The main issue is that it looks like the site has some sort of Selenium/bot protection. It's loading a blank page after 1-2 pages that can't be refreshed, etc. If this is true, I would respect their wishes and not scrape this site. If this isn't true, I've updated your code with the feedback below.
If you are just looking for a site to practice automation, I would do some googling. Here's a couple that I've found over the years but there are many, many more...
Some feedback:
The item you are closing is not a frame, it's a popup. I updated the variable names.
I changed useless_frame to dismiss_popup and reversed the values because I think it makes the intent clearer.
Rather than reinstantiating a new WebDriverWait each time you use it, it's better to assign it to a variable and then reuse the variable, e.g.
WebDriverWait(driver, 10).until(...)
WebDriverWait(driver, 10).until(...)
becomes
wait = WebDriverWait(driver, 10)
wait.until(...)
wait.until(...)
In Selenium terms, presence means that the element is in the DOM, not that it's necessarily ready to be interacted with. If you are going to click an element, you should use EC.element_to_be_clickable(). If you are going to get text, values, etc. then the element must be visible to avoid errors so you should use EC.visibility_of_element_located().
You can't check if bvc_frame because if that element doesn't exist, your wait will throw a TimeoutException so that check can be removed.
You don't need to click on the "Operaciones" tab because your URL contains ?tab=operaciones which already navigates to the page with that tab selected so that code can be removed.
time.sleep() should be avoided. It's considered a "dumb" sleep. It always waits X seconds even if the element is available sooner. The best practice is to use WebDriverWait, which you're already using elsewhere.
Instead of listing the entire URL, you can just provide the stock name and insert it into the URL because the rest is the same, e.g.

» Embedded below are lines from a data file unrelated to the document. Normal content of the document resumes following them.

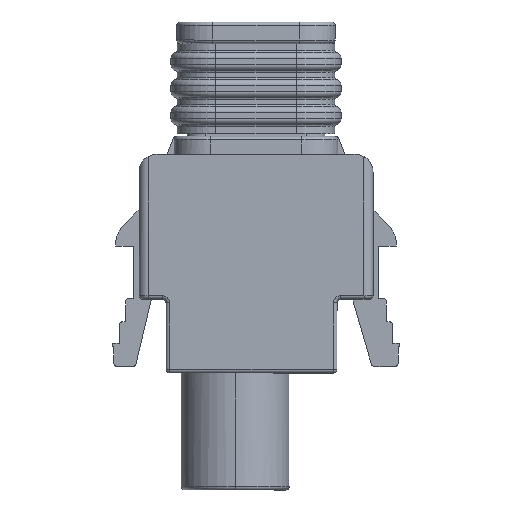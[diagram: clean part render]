
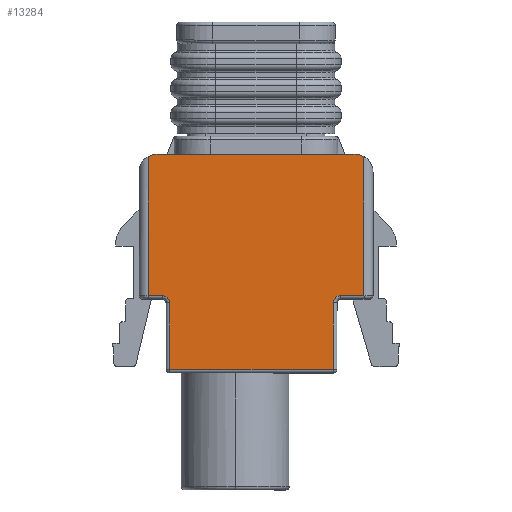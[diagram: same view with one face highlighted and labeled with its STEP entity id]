
A CAD part, left-side view. The second image highlights one B-rep face of the part: STEP entity #13284.
In plain terms, the highlighted planar face has unit normal (-1, 0, 0).
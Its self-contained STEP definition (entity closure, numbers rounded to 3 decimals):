
#501 = DIRECTION ( 'NONE',  ( 0., 0., 1. ) ) ;
#582 = DIRECTION ( 'NONE',  ( 0., -1., 0. ) ) ;
#636 = DIRECTION ( 'NONE',  ( 0., 1., 0. ) ) ;
#657 = CARTESIAN_POINT ( 'NONE',  ( -4.3, -4.3, -4.35 ) ) ;
#1120 = EDGE_CURVE ( 'NONE', #14751, #11690, #15367, .T. ) ;
#1150 = LINE ( 'NONE', #2638, #4628 ) ;
#1306 = EDGE_CURVE ( 'NONE', #6087, #14751, #10942, .T. ) ;
#1391 = CARTESIAN_POINT ( 'NONE',  ( -4.3, -6., -0.25 ) ) ;
#1399 = ORIENTED_EDGE ( 'NONE', *, *, #1120, .T. ) ;
#2145 = DIRECTION ( 'NONE',  ( 0., -0.5, 0.866 ) ) ;
#2158 = CARTESIAN_POINT ( 'NONE',  ( -4.3, -4.7, -0.25 ) ) ;
#2245 = CARTESIAN_POINT ( 'NONE',  ( -4.3, 6., -0.25 ) ) ;
#2327 = DIRECTION ( 'NONE',  ( -1., 0., 0. ) ) ;
#2388 = DIRECTION ( 'NONE',  ( 0., 0., 1. ) ) ;
#2449 = CARTESIAN_POINT ( 'NONE',  ( -4.3, -5.5, 7.6 ) ) ;
#2551 = DIRECTION ( 'NONE',  ( -1., 0., 0. ) ) ;
#2638 = CARTESIAN_POINT ( 'NONE',  ( -4.3, -6., -0.25 ) ) ;
#2679 = CARTESIAN_POINT ( 'NONE',  ( -4.3, 3.604, 7.6 ) ) ;
#2828 = EDGE_CURVE ( 'NONE', #15250, #16813, #15023, .T. ) ;
#2958 = ORIENTED_EDGE ( 'NONE', *, *, #14248, .T. ) ;
#3025 = ORIENTED_EDGE ( 'NONE', *, *, #3671, .T. ) ;
#3160 = AXIS2_PLACEMENT_3D ( 'NONE', #7084, #2551, #17014 ) ;
#3174 = CARTESIAN_POINT ( 'NONE',  ( -4.3, 6., -0.25 ) ) ;
#3521 = ORIENTED_EDGE ( 'NONE', *, *, #8306, .T. ) ;
#3660 = CARTESIAN_POINT ( 'NONE',  ( -4.3, 4.8, -0.65 ) ) ;
#3671 = EDGE_CURVE ( 'NONE', #16813, #16875, #16555, .T. ) ;
#3678 = VERTEX_POINT ( 'NONE', #18210 ) ;
#3693 = FACE_OUTER_BOUND ( 'NONE', #14306, .T. ) ;
#3716 = ORIENTED_EDGE ( 'NONE', *, *, #17711, .T. ) ;
#3782 = DIRECTION ( 'NONE',  ( 0., 1., 0. ) ) ;
#4352 = CARTESIAN_POINT ( 'NONE',  ( -4.3, 4.8, -4.35 ) ) ;
#4363 = EDGE_CURVE ( 'NONE', #15825, #3678, #8095, .T. ) ;
#4478 = VERTEX_POINT ( 'NONE', #1391 ) ;
#4628 = VECTOR ( 'NONE', #16917, 1000. ) ;
#4661 = VERTEX_POINT ( 'NONE', #2158 ) ;
#4728 = VERTEX_POINT ( 'NONE', #10092 ) ;
#4973 = CARTESIAN_POINT ( 'NONE',  ( -4.3, -4.3, -4.35 ) ) ;
#5315 = DIRECTION ( 'NONE',  ( 0., 1., 0. ) ) ;
#5574 = EDGE_CURVE ( 'NONE', #15133, #11690, #8992, .T. ) ;
#6022 = VECTOR ( 'NONE', #2388, 1000. ) ;
#6087 = VERTEX_POINT ( 'NONE', #8391 ) ;
#6680 = CARTESIAN_POINT ( 'NONE',  ( -4.3, -5.5, 6.6 ) ) ;
#6805 = AXIS2_PLACEMENT_3D ( 'NONE', #7964, #17702, #3782 ) ;
#7006 = AXIS2_PLACEMENT_3D ( 'NONE', #6680, #2327, #2145 ) ;
#7084 = CARTESIAN_POINT ( 'NONE',  ( -4.3, 5.5, 6.6 ) ) ;
#7203 = ORIENTED_EDGE ( 'NONE', *, *, #13307, .T. ) ;
#7639 = LINE ( 'NONE', #3174, #17500 ) ;
#7643 = LINE ( 'NONE', #11806, #12226 ) ;
#7689 = CARTESIAN_POINT ( 'NONE',  ( -4.3, 3.604, 7.6 ) ) ;
#7706 = VECTOR ( 'NONE', #8175, 1000. ) ;
#7964 = CARTESIAN_POINT ( 'NONE',  ( -4.3, -6.5, 7.6 ) ) ;
#8095 = LINE ( 'NONE', #2245, #7706 ) ;
#8175 = DIRECTION ( 'NONE',  ( 0., 0., 1. ) ) ;
#8218 = DIRECTION ( 'NONE',  ( 0., 0., -1. ) ) ;
#8306 = EDGE_CURVE ( 'NONE', #15825, #6087, #7639, .T. ) ;
#8391 = CARTESIAN_POINT ( 'NONE',  ( -4.3, 5.2, -0.25 ) ) ;
#8947 = VECTOR ( 'NONE', #16525, 1000. ) ;
#8992 = LINE ( 'NONE', #657, #8947 ) ;
#9288 = ORIENTED_EDGE ( 'NONE', *, *, #4363, .F. ) ;
#9431 = EDGE_CURVE ( 'NONE', #15262, #16875, #7643, .T. ) ;
#9696 = CARTESIAN_POINT ( 'NONE',  ( -4.3, 4.8, -0.65 ) ) ;
#9845 = ORIENTED_EDGE ( 'NONE', *, *, #18211, .T. ) ;
#10092 = CARTESIAN_POINT ( 'NONE',  ( -4.3, 5.5, 7.6 ) ) ;
#10126 = VERTEX_POINT ( 'NONE', #11314 ) ;
#10177 = CARTESIAN_POINT ( 'NONE',  ( -4.3, -6., 7.466 ) ) ;
#10243 = DIRECTION ( 'NONE',  ( 1., 0., 0. ) ) ;
#10528 = CARTESIAN_POINT ( 'NONE',  ( -4.3, 6., -0.25 ) ) ;
#10566 = CARTESIAN_POINT ( 'NONE',  ( -4.3, -4.7, -0.65 ) ) ;
#10622 = CARTESIAN_POINT ( 'NONE',  ( -4.3, -5.5, 7.6 ) ) ;
#10942 = CIRCLE ( 'NONE', #13318, 0.4 ) ;
#11314 = CARTESIAN_POINT ( 'NONE',  ( -4.3, -4.3, -0.65 ) ) ;
#11318 = LINE ( 'NONE', #15410, #12426 ) ;
#11359 = EDGE_CURVE ( 'NONE', #4728, #3678, #14730, .T. ) ;
#11369 = EDGE_CURVE ( 'NONE', #4478, #15250, #1150, .T. ) ;
#11690 = VERTEX_POINT ( 'NONE', #4352 ) ;
#11806 = CARTESIAN_POINT ( 'NONE',  ( -4.3, 3.604, 7.6 ) ) ;
#12047 = DIRECTION ( 'NONE',  ( 1., 0., 0. ) ) ;
#12226 = VECTOR ( 'NONE', #17746, 1000. ) ;
#12426 = VECTOR ( 'NONE', #13837, 1000. ) ;
#12571 = CARTESIAN_POINT ( 'NONE',  ( -4.3, -3.604, 7.6 ) ) ;
#13284 = ADVANCED_FACE ( 'NONE', ( #3693 ), #17892, .T. ) ;
#13307 = EDGE_CURVE ( 'NONE', #15262, #4728, #14748, .T. ) ;
#13318 = AXIS2_PLACEMENT_3D ( 'NONE', #17474, #10243, #501 ) ;
#13837 = DIRECTION ( 'NONE',  ( 0., -1., 0. ) ) ;
#13935 = VECTOR ( 'NONE', #636, 1000. ) ;
#14035 = ORIENTED_EDGE ( 'NONE', *, *, #11369, .T. ) ;
#14248 = EDGE_CURVE ( 'NONE', #4661, #4478, #11318, .T. ) ;
#14306 = EDGE_LOOP ( 'NONE', ( #15862, #3025, #15948, #7203, #14460, #9288, #3521, #17982, #1399, #17142, #3716, #9845, #2958, #14035 ) ) ;
#14460 = ORIENTED_EDGE ( 'NONE', *, *, #11359, .T. ) ;
#14730 = CIRCLE ( 'NONE', #3160, 1. ) ;
#14748 = LINE ( 'NONE', #7689, #13935 ) ;
#14751 = VERTEX_POINT ( 'NONE', #3660 ) ;
#14833 = LINE ( 'NONE', #4973, #6022 ) ;
#14944 = DIRECTION ( 'NONE',  ( 0., 1., 0. ) ) ;
#15023 = CIRCLE ( 'NONE', #7006, 1. ) ;
#15133 = VERTEX_POINT ( 'NONE', #17899 ) ;
#15250 = VERTEX_POINT ( 'NONE', #10177 ) ;
#15262 = VERTEX_POINT ( 'NONE', #2679 ) ;
#15367 = LINE ( 'NONE', #9696, #17854 ) ;
#15380 = AXIS2_PLACEMENT_3D ( 'NONE', #10566, #12047, #14944 ) ;
#15410 = CARTESIAN_POINT ( 'NONE',  ( -4.3, -4.7, -0.25 ) ) ;
#15788 = VECTOR ( 'NONE', #5315, 1000. ) ;
#15825 = VERTEX_POINT ( 'NONE', #10528 ) ;
#15862 = ORIENTED_EDGE ( 'NONE', *, *, #2828, .T. ) ;
#15948 = ORIENTED_EDGE ( 'NONE', *, *, #9431, .F. ) ;
#16525 = DIRECTION ( 'NONE',  ( 0., 1., 0. ) ) ;
#16555 = LINE ( 'NONE', #2449, #15788 ) ;
#16577 = CIRCLE ( 'NONE', #15380, 0.4 ) ;
#16813 = VERTEX_POINT ( 'NONE', #10622 ) ;
#16875 = VERTEX_POINT ( 'NONE', #12571 ) ;
#16917 = DIRECTION ( 'NONE',  ( 0., 0., 1. ) ) ;
#17014 = DIRECTION ( 'NONE',  ( 0., 0., 1. ) ) ;
#17142 = ORIENTED_EDGE ( 'NONE', *, *, #5574, .F. ) ;
#17474 = CARTESIAN_POINT ( 'NONE',  ( -4.3, 5.2, -0.65 ) ) ;
#17500 = VECTOR ( 'NONE', #582, 1000. ) ;
#17702 = DIRECTION ( 'NONE',  ( -1., 0., 0. ) ) ;
#17711 = EDGE_CURVE ( 'NONE', #15133, #10126, #14833, .T. ) ;
#17746 = DIRECTION ( 'NONE',  ( 0., -1., 0. ) ) ;
#17854 = VECTOR ( 'NONE', #8218, 1000. ) ;
#17892 = PLANE ( 'NONE',  #6805 ) ;
#17899 = CARTESIAN_POINT ( 'NONE',  ( -4.3, -4.3, -4.35 ) ) ;
#17982 = ORIENTED_EDGE ( 'NONE', *, *, #1306, .T. ) ;
#18210 = CARTESIAN_POINT ( 'NONE',  ( -4.3, 6., 7.466 ) ) ;
#18211 = EDGE_CURVE ( 'NONE', #10126, #4661, #16577, .T. ) ;

stocks = ['https://www.bvc.com.co/renta-variable-mercado-local/cibest?tab=operaciones', '...']
becomes
stocks = ['cibest', 'pfcibest', '...']
...
for stock in stocks:
driver.get(f'https://www.bvc.com.co/renta-variable-mercado-local/{stock}?tab=operaciones')
If you are going to be scraping more than just a few of these, it would be better/much faster to run these in parallel.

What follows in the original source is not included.